WHAT IS REQUIRED
Lines of the data that contain the word "Align" are the ones to copy.

(Data excerpts)
────────────────────
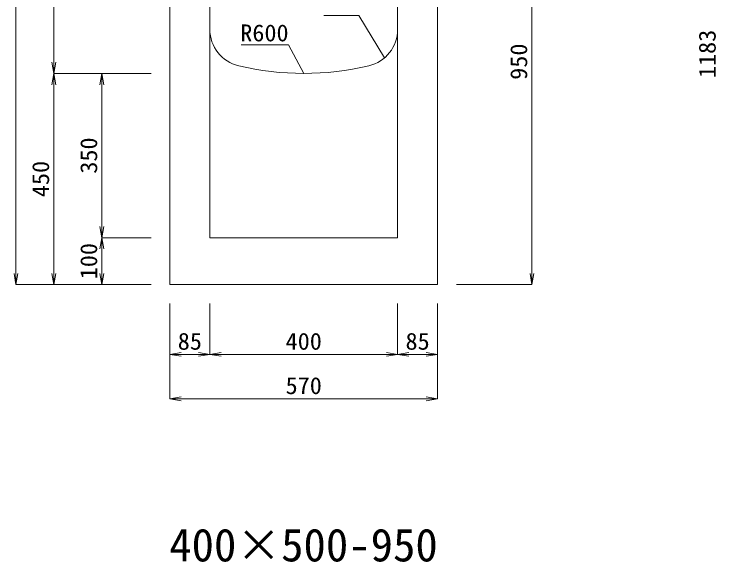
# Model space of a CAD drawing. Units: millimetres at full size. Extents: x -734 to 58102, y 49499 to 87169.
# Drawn here: x 36669 to 38164, y 59176 to 60343 of the extents above; entities that cross this region are included whole.
import ezdxf
from ezdxf.enums import TextEntityAlignment as Align

# ---------------------------------------------------------------- set-up
doc = ezdxf.new("R2010")
doc.units = ezdxf.units.MM
doc.header["$LTSCALE"] = 50
doc.layers.add('0_2', color=7, linetype='Continuous')
for name, color, linetype, lineweight in [('寸法線', 7, 'Continuous', 13), ('引出線', 4, 'Continuous', 13), ('本体', 2, 'Continuous', 20)]:
    doc.layers.add(name, color=color, linetype=linetype, lineweight=lineweight)
doc.styles.add('ＭＳ 明朝', font='')
doc.styles.get('ＭＳ 明朝').set_extended_font_data('MS Mincho')

# ---------------------------------------------------------------- blocks, each defined once
blk = doc.blocks.new('open_arrow')
at = {"color": 0, "linetype": 'Continuous', "lineweight": -2}
blk.add_lwpolyline([(7.5, 1.25), (0, 0), (7.5, -1.25)], dxfattribs=at)

msp = doc.modelspace()

# ---------------------------------------------------------------- linework, layer by layer
at = {"layer": '寸法線'}
for p, q in [((36673.28, 59766.95), (36673.28, 60849.95)), ((36753.92, 60716.95), (36753.92, 60216.95)), ((37771.91, 60716.95), (37771.91, 59766.95)), ((36753.92, 60216.95), (36753.92, 59766.95)), ((36961.07, 60216.95), (36753.92, 60216.95)), ((36961.07, 60216.95), (36753.92, 60216.95)), ((36856.3, 59866.95), (36856.3, 60216.95)), ((36961.07, 60216.95), (36856.3, 60216.95)), ((36961.07, 59866.95), (36856.3, 59866.95)), ((36856.3, 59766.95), (36856.3, 59866.95)), ((36961.07, 59866.95), (36856.3, 59866.95)), ((36961.07, 59766.95), (36673.28, 59766.95)), ((36961.07, 59766.95), (36753.92, 59766.95)), ((36961.07, 59766.95), (36856.3, 59766.95)), ((37611.11, 59766.95), (37771.91, 59766.95)), ((37001.09, 59726.93), (37001.09, 59523.7)), ((37001.09, 59726.93), (37001.09, 59618.21)), ((37086.1, 59726.93), (37086.1, 59618.21)), ((37086.1, 59726.93), (37086.1, 59618.21)), ((37486.09, 59726.93), (37486.09, 59618.21)), ((37486.09, 59726.93), (37486.09, 59618.21)), ((37571.09, 59726.93), (37571.09, 59523.7)), ((37571.09, 59726.93), (37571.09, 59618.21)), ((37001.09, 59618.21), (37086.1, 59618.21)), ((37086.1, 59618.21), (37486.09, 59618.21)), ((37486.09, 59618.21), (37571.09, 59618.21)), ((37001.09, 59523.7), (37571.09, 59523.7))]:
    msp.add_line(p, q, dxfattribs=at)
at = {"layer": '引出線'}
for points in [[(37458.18, 60250.26), (37403.77, 60340.16), (37329.1, 60340.16)], [(37286.09, 60216.95), (37253.87, 60278.09), (37152.87, 60278.09)]]:
    msp.add_lwpolyline(points, dxfattribs=at)
at = {"layer": '本体'}
for p, q in [((37001.09, 59766.95), (37001.09, 60716.95)), ((37086.09, 60310.98), (37086.09, 60716.95)), ((37486.09, 60310.98), (37486.09, 60716.95)), ((37571.09, 59766.95), (37571.09, 60716.95)), ((37086.09, 60310.98), (37086.09, 59866.95)), ((37486.09, 60310.98), (37486.09, 59866.95)), ((37086.09, 59866.95), (37486.09, 59866.95)), ((37001.09, 59766.95), (37571.09, 59766.95))]:
    msp.add_line(p, q, dxfattribs=at)
for centre, radius, start, end in [((37166.09, 60310.98), 80, 180, 256.65766), ((37406.09, 60310.98), 80, 283.34233, 0), ((37286.09, 60816.95), 600, 256.65762, 283.34237)]:
    msp.add_arc(centre, radius, start, end, dxfattribs=at)

# ---------------------------------------------------------------- block references
at = {"layer": '寸法線', "xscale": 3.2, "yscale": 3.2}
for p, rotation in [((36753.92, 60216.95), 90), ((36753.92, 60216.95), 270), ((36856.3, 60216.95), 270), ((36856.3, 59866.95), 90), ((36856.3, 59866.95), 270), ((36673.28, 59766.95), 90), ((36753.92, 59766.95), 90), ((36856.3, 59766.95), 90), ((37771.91, 59766.95), 90), ((37086.1, 59618.21), 180), ((37486.09, 59618.21), 180), ((37571.09, 59618.21), 180), ((37571.09, 59523.7), 180)]:
    msp.add_blockref('open_arrow', p, dxfattribs=dict(at, rotation=rotation))
for p in [(37001.09, 59618.21), (37086.1, 59618.21), (37486.09, 59618.21), (37001.09, 59523.7)]:
    msp.add_blockref('open_arrow', p, dxfattribs=at)
at = {"layer": '引出線', "xscale": 0.0533, "yscale": 0.0533}
for p, rotation in [((37458.18, 60250.26), 121.2), ((37286.09, 60216.95), 117.8)]:
    msp.add_blockref('open_arrow', p, dxfattribs=dict(at, rotation=rotation))

# ---------------------------------------------------------------- texts
at = {"layer": '0_2', "style": 'ＭＳ 明朝'}
msp.add_text('400×500-950', height=70.05, dxfattribs=at).set_placement((37285.61, 59212.21), align=Align.MIDDLE_CENTER)
at = {"layer": '寸法線', "style": 'ＭＳ 明朝', "width": 1.05}
for s, p in [('1183', (38145.26, 60258.45)), ('950', (37743.89, 60241.95)), ('350', (36828.28, 60041.95)), ('450', (36725.9, 59991.95)), ('100', (36828.28, 59816.95))]:
    msp.add_text(s, height=36.03, rotation=90, dxfattribs=at).set_placement(p, align=Align.MIDDLE_CENTER)
for s, p in [('85', (37043.59, 59646.23)), ('400', (37286.09, 59646.23)), ('85', (37528.59, 59646.23)), ('570', (37286.09, 59551.72))]:
    msp.add_text(s, height=36.03, dxfattribs=at).set_placement(p, align=Align.MIDDLE_CENTER)
at = {"layer": '引出線', "style": 'ＭＳ 明朝', "width": 1.05}
msp.add_text('R600', height=36.03, dxfattribs=at).set_placement((37253.87, 60321.29), align=Align.TOP_RIGHT)

doc.saveas('drawing.dxf')
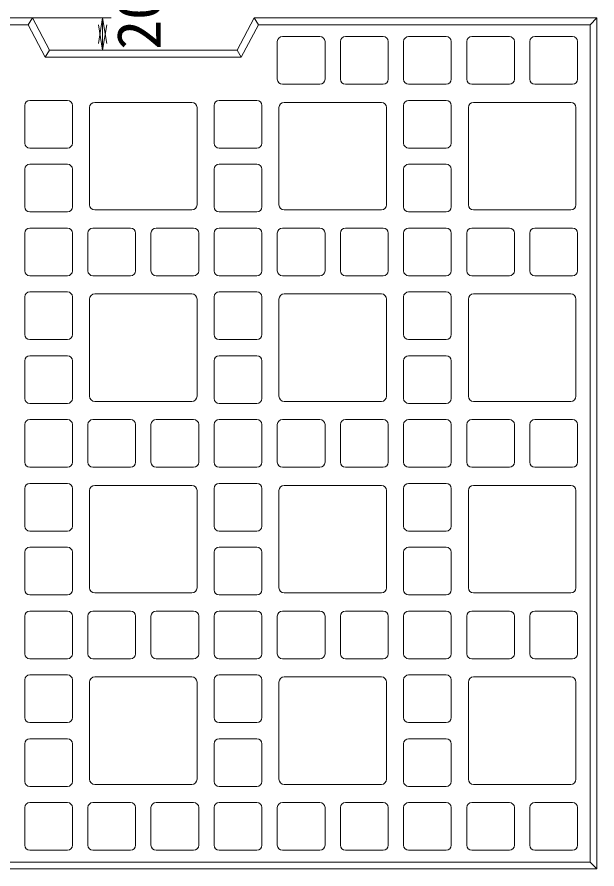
# Model space of a CAD drawing. Units: millimetres on the paper. Extents: x 0 to 841, y 0 to 594.
# Drawn here: x 488.97 to 522.95, y 431.01 to 480.93 of the extents above; entities that cross this region are included whole.
import ezdxf
from ezdxf.enums import TextEntityAlignment as Align

# ---------------------------------------------------------------- set-up
doc = ezdxf.new("R2010")
doc.units = ezdxf.units.MM
for name, color, linetype, lineweight in [('D-STR-DIM（寸法）', 7, 'Continuous', 18), ('D-STR-STR1（構造物）', 7, 'Continuous', 18), ('D-STR（構造物外形線）', 1, 'Continuous', 18)]:
    doc.layers.add(name, color=color, linetype=linetype, lineweight=lineweight)
doc.styles.add('ＭＳ ゴシック', font='')
doc.styles.get('ＭＳ ゴシック').set_extended_font_data('MS Gothic')

msp = doc.modelspace()

# ---------------------------------------------------------------- linework, layer by layer
at = {"layer": 'D-STR-DIM（寸法）'}
for p, q in [((489.887, 480.879), (494.482, 480.879)), ((493.732, 479.379), (493.982, 480.879)), ((493.982, 480.879), (493.982, 480.679)), ((493.982, 480.879), (494.232, 479.379)), ((493.982, 480.679), (493.982, 479.179)), ((493.982, 478.979), (493.732, 480.479)), ((494.232, 480.479), (493.982, 478.979)), ((493.982, 478.979), (493.982, 479.179)), ((494.604, 478.979), (494.482, 478.979))]:
    msp.add_line(p, q, dxfattribs=at)
at = {"layer": 'D-STR-STR1（構造物）'}
for p, q in [((489.867, 480.879), (489.625, 480.479)), ((503.108, 480.479), (502.867, 480.879)), ((522.552, 480.479), (522.952, 480.879)), ((470.183, 480.479), (489.626, 480.479)), ((490.625, 478.579), (489.625, 480.479)), ((502.108, 478.579), (503.108, 480.479)), ((522.552, 480.479), (503.108, 480.479)), ((522.552, 431.415), (522.552, 480.479)), ((506.717, 479.787), (504.517, 479.787)), ((508.217, 479.787), (510.417, 479.787)), ((514.117, 479.787), (511.917, 479.787)), ((517.817, 479.787), (515.617, 479.787)), ((519.317, 479.787), (521.517, 479.787)), ((504.217, 477.287), (504.217, 479.487)), ((507.017, 477.287), (507.017, 479.487)), ((507.917, 477.287), (507.917, 479.487)), ((510.717, 477.287), (510.717, 479.487)), ((511.617, 479.487), (511.617, 477.287)), ((514.417, 479.487), (514.417, 477.287)), ((515.317, 477.287), (515.317, 479.487)), ((518.117, 477.287), (518.117, 479.487)), ((519.017, 477.287), (519.017, 479.487)), ((521.817, 477.287), (521.817, 479.487)), ((490.867, 478.979), (490.625, 478.579)), ((501.867, 478.979), (502.108, 478.579)), ((502.108, 478.579), (490.625, 478.579)), ((506.717, 476.987), (504.517, 476.987)), ((508.217, 476.987), (510.417, 476.987)), ((514.117, 476.987), (511.917, 476.987)), ((517.817, 476.987), (515.617, 476.987)), ((519.317, 476.987), (521.517, 476.987)), ((489.417, 475.747), (489.417, 473.547)), ((491.917, 476.047), (489.717, 476.047)), ((492.217, 475.747), (492.217, 473.547)), ((499.217, 475.927), (493.517, 475.927)), ((500.517, 475.747), (500.517, 473.547)), ((500.817, 476.047), (503.017, 476.047)), ((503.317, 475.747), (503.317, 473.547)), ((504.617, 475.927), (510.317, 475.927)), ((511.617, 475.747), (511.617, 473.547)), ((514.117, 476.047), (511.917, 476.047)), ((514.417, 475.747), (514.417, 473.547)), ((515.717, 475.927), (521.417, 475.927)), ((493.217, 469.927), (493.217, 475.627)), ((499.517, 469.927), (499.517, 475.627)), ((504.317, 469.927), (504.317, 475.627)), ((510.617, 469.927), (510.617, 475.627)), ((515.417, 469.927), (515.417, 475.627)), ((521.717, 469.927), (521.717, 475.627)), ((491.917, 473.247), (489.717, 473.247)), ((500.817, 473.247), (503.017, 473.247)), ((514.117, 473.247), (511.917, 473.247)), ((491.917, 472.307), (489.717, 472.307)), ((500.817, 472.307), (503.017, 472.307)), ((514.117, 472.307), (511.917, 472.307)), ((489.417, 472.007), (489.417, 469.807)), ((492.217, 472.007), (492.217, 469.807)), ((500.517, 472.007), (500.517, 469.807)), ((503.317, 472.007), (503.317, 469.807)), ((511.617, 472.007), (511.617, 469.807)), ((514.417, 472.007), (514.417, 469.807)), ((491.917, 469.507), (489.717, 469.507)), ((499.217, 469.627), (493.517, 469.627)), ((500.817, 469.507), (503.017, 469.507)), ((504.617, 469.627), (510.317, 469.627)), ((514.117, 469.507), (511.917, 469.507)), ((515.717, 469.627), (521.417, 469.627)), ((489.417, 468.267), (489.417, 466.067)), ((491.917, 468.567), (489.717, 468.567)), ((492.217, 468.267), (492.217, 466.067)), ((493.117, 468.267), (493.117, 466.067)), ((495.617, 468.567), (493.417, 468.567)), ((495.917, 468.267), (495.917, 466.067)), ((496.817, 468.267), (496.817, 466.067)), ((497.117, 468.567), (499.317, 468.567)), ((499.617, 468.267), (499.617, 466.067)), ((500.517, 468.267), (500.517, 466.067)), ((500.817, 468.567), (503.017, 468.567)), ((503.317, 468.267), (503.317, 466.067)), ((504.217, 468.267), (504.217, 466.067)), ((506.717, 468.567), (504.517, 468.567)), ((507.017, 468.267), (507.017, 466.067)), ((507.917, 468.267), (507.917, 466.067)), ((508.217, 468.567), (510.417, 468.567)), ((510.717, 468.267), (510.717, 466.067)), ((511.617, 468.267), (511.617, 466.067)), ((514.117, 468.567), (511.917, 468.567)), ((514.417, 468.267), (514.417, 466.067)), ((515.317, 468.267), (515.317, 466.067)), ((517.817, 468.567), (515.617, 468.567)), ((518.117, 468.267), (518.117, 466.067)), ((519.017, 468.267), (519.017, 466.067)), ((519.317, 468.567), (521.517, 468.567)), ((521.817, 468.267), (521.817, 466.067)), ((491.917, 465.767), (489.717, 465.767)), ((495.617, 465.767), (493.417, 465.767)), ((497.117, 465.767), (499.317, 465.767)), ((500.817, 465.767), (503.017, 465.767)), ((506.717, 465.767), (504.517, 465.767)), ((508.217, 465.767), (510.417, 465.767)), ((514.117, 465.767), (511.917, 465.767)), ((517.817, 465.767), (515.617, 465.767)), ((519.317, 465.767), (521.517, 465.767)), ((491.917, 464.827), (489.717, 464.827)), ((499.217, 464.707), (493.517, 464.707)), ((500.817, 464.827), (503.017, 464.827)), ((504.617, 464.707), (510.317, 464.707)), ((514.117, 464.827), (511.917, 464.827)), ((515.717, 464.707), (521.417, 464.707)), ((489.417, 464.527), (489.417, 462.327)), ((492.217, 464.527), (492.217, 462.327)), ((493.217, 464.407), (493.217, 458.707)), ((499.517, 464.407), (499.517, 458.707)), ((500.517, 464.527), (500.517, 462.327)), ((503.317, 464.527), (503.317, 462.327)), ((504.317, 464.407), (504.317, 458.707)), ((510.617, 464.407), (510.617, 458.707)), ((511.617, 464.527), (511.617, 462.327)), ((514.417, 464.527), (514.417, 462.327)), ((515.417, 464.407), (515.417, 458.707)), ((521.717, 464.407), (521.717, 458.707)), ((491.917, 462.027), (489.717, 462.027)), ((500.817, 462.027), (503.017, 462.027)), ((514.117, 462.027), (511.917, 462.027)), ((489.417, 460.787), (489.417, 458.587)), ((491.917, 461.087), (489.717, 461.087)), ((492.217, 460.787), (492.217, 458.587)), ((500.517, 460.787), (500.517, 458.587)), ((500.817, 461.087), (503.017, 461.087)), ((503.317, 460.787), (503.317, 458.587)), ((511.617, 460.787), (511.617, 458.587)), ((514.117, 461.087), (511.917, 461.087)), ((514.417, 460.787), (514.417, 458.587)), ((491.917, 458.287), (489.717, 458.287)), ((499.217, 458.407), (493.517, 458.407)), ((500.817, 458.287), (503.017, 458.287)), ((504.617, 458.407), (510.317, 458.407)), ((514.117, 458.287), (511.917, 458.287)), ((515.717, 458.407), (521.417, 458.407)), ((491.917, 457.347), (489.717, 457.347)), ((495.617, 457.347), (493.417, 457.347)), ((497.117, 457.347), (499.317, 457.347)), ((500.817, 457.347), (503.017, 457.347)), ((506.717, 457.347), (504.517, 457.347)), ((508.217, 457.347), (510.417, 457.347)), ((514.117, 457.347), (511.917, 457.347)), ((517.817, 457.347), (515.617, 457.347)), ((519.317, 457.347), (521.517, 457.347)), ((489.417, 454.847), (489.417, 457.047)), ((492.217, 454.847), (492.217, 457.047)), ((493.117, 454.847), (493.117, 457.047)), ((495.917, 454.847), (495.917, 457.047)), ((496.817, 454.847), (496.817, 457.047)), ((499.617, 454.847), (499.617, 457.047)), ((500.517, 454.847), (500.517, 457.047)), ((503.317, 454.847), (503.317, 457.047)), ((504.217, 454.847), (504.217, 457.047)), ((507.017, 454.847), (507.017, 457.047)), ((507.917, 454.847), (507.917, 457.047)), ((510.717, 454.847), (510.717, 457.047)), ((511.617, 454.847), (511.617, 457.047)), ((514.417, 454.847), (514.417, 457.047)), ((515.317, 454.847), (515.317, 457.047)), ((518.117, 454.847), (518.117, 457.047)), ((519.017, 454.847), (519.017, 457.047)), ((521.817, 454.847), (521.817, 457.047)), ((491.917, 454.547), (489.717, 454.547)), ((495.617, 454.547), (493.417, 454.547)), ((497.117, 454.547), (499.317, 454.547)), ((500.817, 454.547), (503.017, 454.547)), ((506.717, 454.547), (504.517, 454.547)), ((508.217, 454.547), (510.417, 454.547)), ((514.117, 454.547), (511.917, 454.547)), ((517.817, 454.547), (515.617, 454.547)), ((519.317, 454.547), (521.517, 454.547)), ((489.417, 451.107), (489.417, 453.307)), ((491.917, 453.607), (489.717, 453.607)), ((492.217, 451.107), (492.217, 453.307)), ((499.217, 453.487), (493.517, 453.487)), ((500.517, 451.107), (500.517, 453.307)), ((500.817, 453.607), (503.017, 453.607)), ((503.317, 451.107), (503.317, 453.307)), ((504.617, 453.487), (510.317, 453.487)), ((511.617, 451.107), (511.617, 453.307)), ((514.117, 453.607), (511.917, 453.607)), ((514.417, 451.107), (514.417, 453.307)), ((515.717, 453.487), (521.417, 453.487)), ((493.217, 447.487), (493.217, 453.187)), ((499.517, 447.487), (499.517, 453.187)), ((504.317, 447.487), (504.317, 453.187)), ((510.617, 447.487), (510.617, 453.187)), ((515.417, 447.487), (515.417, 453.187)), ((521.717, 447.487), (521.717, 453.187)), ((491.917, 450.807), (489.717, 450.807)), ((500.817, 450.807), (503.017, 450.807)), ((514.117, 450.807), (511.917, 450.807)), ((491.917, 449.867), (489.717, 449.867)), ((500.817, 449.867), (503.017, 449.867)), ((514.117, 449.867), (511.917, 449.867)), ((489.417, 447.367), (489.417, 449.567)), ((492.217, 447.367), (492.217, 449.567)), ((500.517, 447.367), (500.517, 449.567)), ((503.317, 447.367), (503.317, 449.567)), ((511.617, 447.367), (511.617, 449.567)), ((514.417, 447.367), (514.417, 449.567)), ((491.917, 447.067), (489.717, 447.067)), ((499.217, 447.187), (493.517, 447.187)), ((500.817, 447.067), (503.017, 447.067)), ((504.617, 447.187), (510.317, 447.187)), ((514.117, 447.067), (511.917, 447.067)), ((515.717, 447.187), (521.417, 447.187)), ((489.417, 443.627), (489.417, 445.827)), ((491.917, 446.127), (489.717, 446.127)), ((492.217, 443.627), (492.217, 445.827)), ((493.117, 443.627), (493.117, 445.827)), ((495.617, 446.127), (493.417, 446.127)), ((495.917, 443.627), (495.917, 445.827)), ((496.817, 443.627), (496.817, 445.827)), ((497.117, 446.127), (499.317, 446.127)), ((499.617, 443.627), (499.617, 445.827)), ((500.517, 443.627), (500.517, 445.827)), ((500.817, 446.127), (503.017, 446.127)), ((503.317, 443.627), (503.317, 445.827)), ((504.217, 443.627), (504.217, 445.827)), ((506.717, 446.127), (504.517, 446.127)), ((507.017, 443.627), (507.017, 445.827)), ((507.917, 443.627), (507.917, 445.827)), ((508.217, 446.127), (510.417, 446.127)), ((510.717, 443.627), (510.717, 445.827)), ((511.617, 443.627), (511.617, 445.827)), ((514.117, 446.127), (511.917, 446.127)), ((514.417, 443.627), (514.417, 445.827)), ((515.317, 443.627), (515.317, 445.827)), ((517.817, 446.127), (515.617, 446.127)), ((518.117, 443.627), (518.117, 445.827)), ((519.017, 443.627), (519.017, 445.827)), ((519.317, 446.127), (521.517, 446.127)), ((521.817, 443.627), (521.817, 445.827)), ((491.917, 443.327), (489.717, 443.327)), ((495.617, 443.327), (493.417, 443.327)), ((497.117, 443.327), (499.317, 443.327)), ((500.817, 443.327), (503.017, 443.327)), ((506.717, 443.327), (504.517, 443.327)), ((508.217, 443.327), (510.417, 443.327)), ((514.117, 443.327), (511.917, 443.327)), ((517.817, 443.327), (515.617, 443.327)), ((519.317, 443.327), (521.517, 443.327)), ((491.917, 442.387), (489.717, 442.387)), ((499.217, 442.267), (493.517, 442.267)), ((500.817, 442.387), (503.017, 442.387)), ((504.617, 442.267), (510.317, 442.267)), ((514.117, 442.387), (511.917, 442.387)), ((515.717, 442.267), (521.417, 442.267)), ((489.417, 439.887), (489.417, 442.087)), ((492.217, 439.887), (492.217, 442.087)), ((493.217, 441.967), (493.217, 436.267)), ((499.517, 441.967), (499.517, 436.267)), ((500.517, 439.887), (500.517, 442.087)), ((503.317, 439.887), (503.317, 442.087)), ((504.317, 441.967), (504.317, 436.267)), ((510.617, 441.967), (510.617, 436.267)), ((511.617, 439.887), (511.617, 442.087)), ((514.417, 439.887), (514.417, 442.087)), ((515.417, 441.967), (515.417, 436.267)), ((521.717, 441.967), (521.717, 436.267)), ((491.917, 439.587), (489.717, 439.587)), ((500.817, 439.587), (503.017, 439.587)), ((514.117, 439.587), (511.917, 439.587)), ((489.417, 436.147), (489.417, 438.347)), ((491.917, 438.647), (489.717, 438.647)), ((492.217, 436.147), (492.217, 438.347)), ((500.517, 436.147), (500.517, 438.347)), ((500.817, 438.647), (503.017, 438.647)), ((503.317, 436.147), (503.317, 438.347)), ((511.617, 436.147), (511.617, 438.347)), ((514.117, 438.647), (511.917, 438.647)), ((514.417, 436.147), (514.417, 438.347)), ((491.917, 435.847), (489.717, 435.847)), ((499.217, 435.967), (493.517, 435.967)), ((500.817, 435.847), (503.017, 435.847)), ((504.617, 435.967), (510.317, 435.967)), ((514.117, 435.847), (511.917, 435.847)), ((515.717, 435.967), (521.417, 435.967)), ((491.917, 434.907), (489.717, 434.907)), ((495.617, 434.907), (493.417, 434.907)), ((497.117, 434.907), (499.317, 434.907)), ((500.817, 434.907), (503.017, 434.907)), ((506.717, 434.907), (504.517, 434.907)), ((508.217, 434.907), (510.417, 434.907)), ((514.117, 434.907), (511.917, 434.907)), ((517.817, 434.907), (515.617, 434.907)), ((519.317, 434.907), (521.517, 434.907)), ((489.417, 432.407), (489.417, 434.607)), ((492.217, 432.407), (492.217, 434.607)), ((493.117, 432.407), (493.117, 434.607)), ((495.917, 432.407), (495.917, 434.607)), ((496.817, 432.407), (496.817, 434.607)), ((499.617, 432.407), (499.617, 434.607)), ((500.517, 432.407), (500.517, 434.607)), ((503.317, 432.407), (503.317, 434.607)), ((504.217, 432.407), (504.217, 434.607)), ((507.017, 432.407), (507.017, 434.607)), ((507.917, 432.407), (507.917, 434.607)), ((510.717, 432.407), (510.717, 434.607)), ((511.617, 432.407), (511.617, 434.607)), ((514.417, 432.407), (514.417, 434.607)), ((515.317, 432.407), (515.317, 434.607)), ((518.117, 432.407), (518.117, 434.607)), ((519.017, 432.407), (519.017, 434.607)), ((521.817, 432.407), (521.817, 434.607)), ((491.917, 432.107), (489.717, 432.107)), ((495.617, 432.107), (493.417, 432.107)), ((497.117, 432.107), (499.317, 432.107)), ((500.817, 432.107), (503.017, 432.107)), ((506.717, 432.107), (504.517, 432.107)), ((508.217, 432.107), (510.417, 432.107)), ((514.117, 432.107), (511.917, 432.107)), ((517.817, 432.107), (515.617, 432.107)), ((519.317, 432.107), (521.517, 432.107)), ((522.552, 431.415), (470.183, 431.415)), ((522.552, 431.415), (522.952, 431.015))]:
    msp.add_line(p, q, dxfattribs=at)
for centre, start, end in [((504.517, 479.488), 90, 180), ((506.717, 479.488), 360, 90), ((508.217, 479.488), 90, 180), ((510.417, 479.488), 360, 90), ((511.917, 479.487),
────────────────────
REPLY
from ezdxf.enums import TextEntityAlignment as Align
msp.add_text('400×500-950', height=70.05, dxfattribs=at).set_placement((37285.61, 59212.21), align=Align.MIDDLE_CENTER)
    msp.add_text(s, height=36.03, rotation=90, dxfattribs=at).set_placement(p, align=Align.MIDDLE_CENTER)
    msp.add_text(s, height=36.03, dxfattribs=at).set_placement(p, align=Align.MIDDLE_CENTER)
msp.add_text('R600', height=36.03, dxfattribs=at).set_placement((37253.87, 60321.29), align=Align.TOP_RIGHT)
from ezdxf.enums import TextEntityAlignment as Align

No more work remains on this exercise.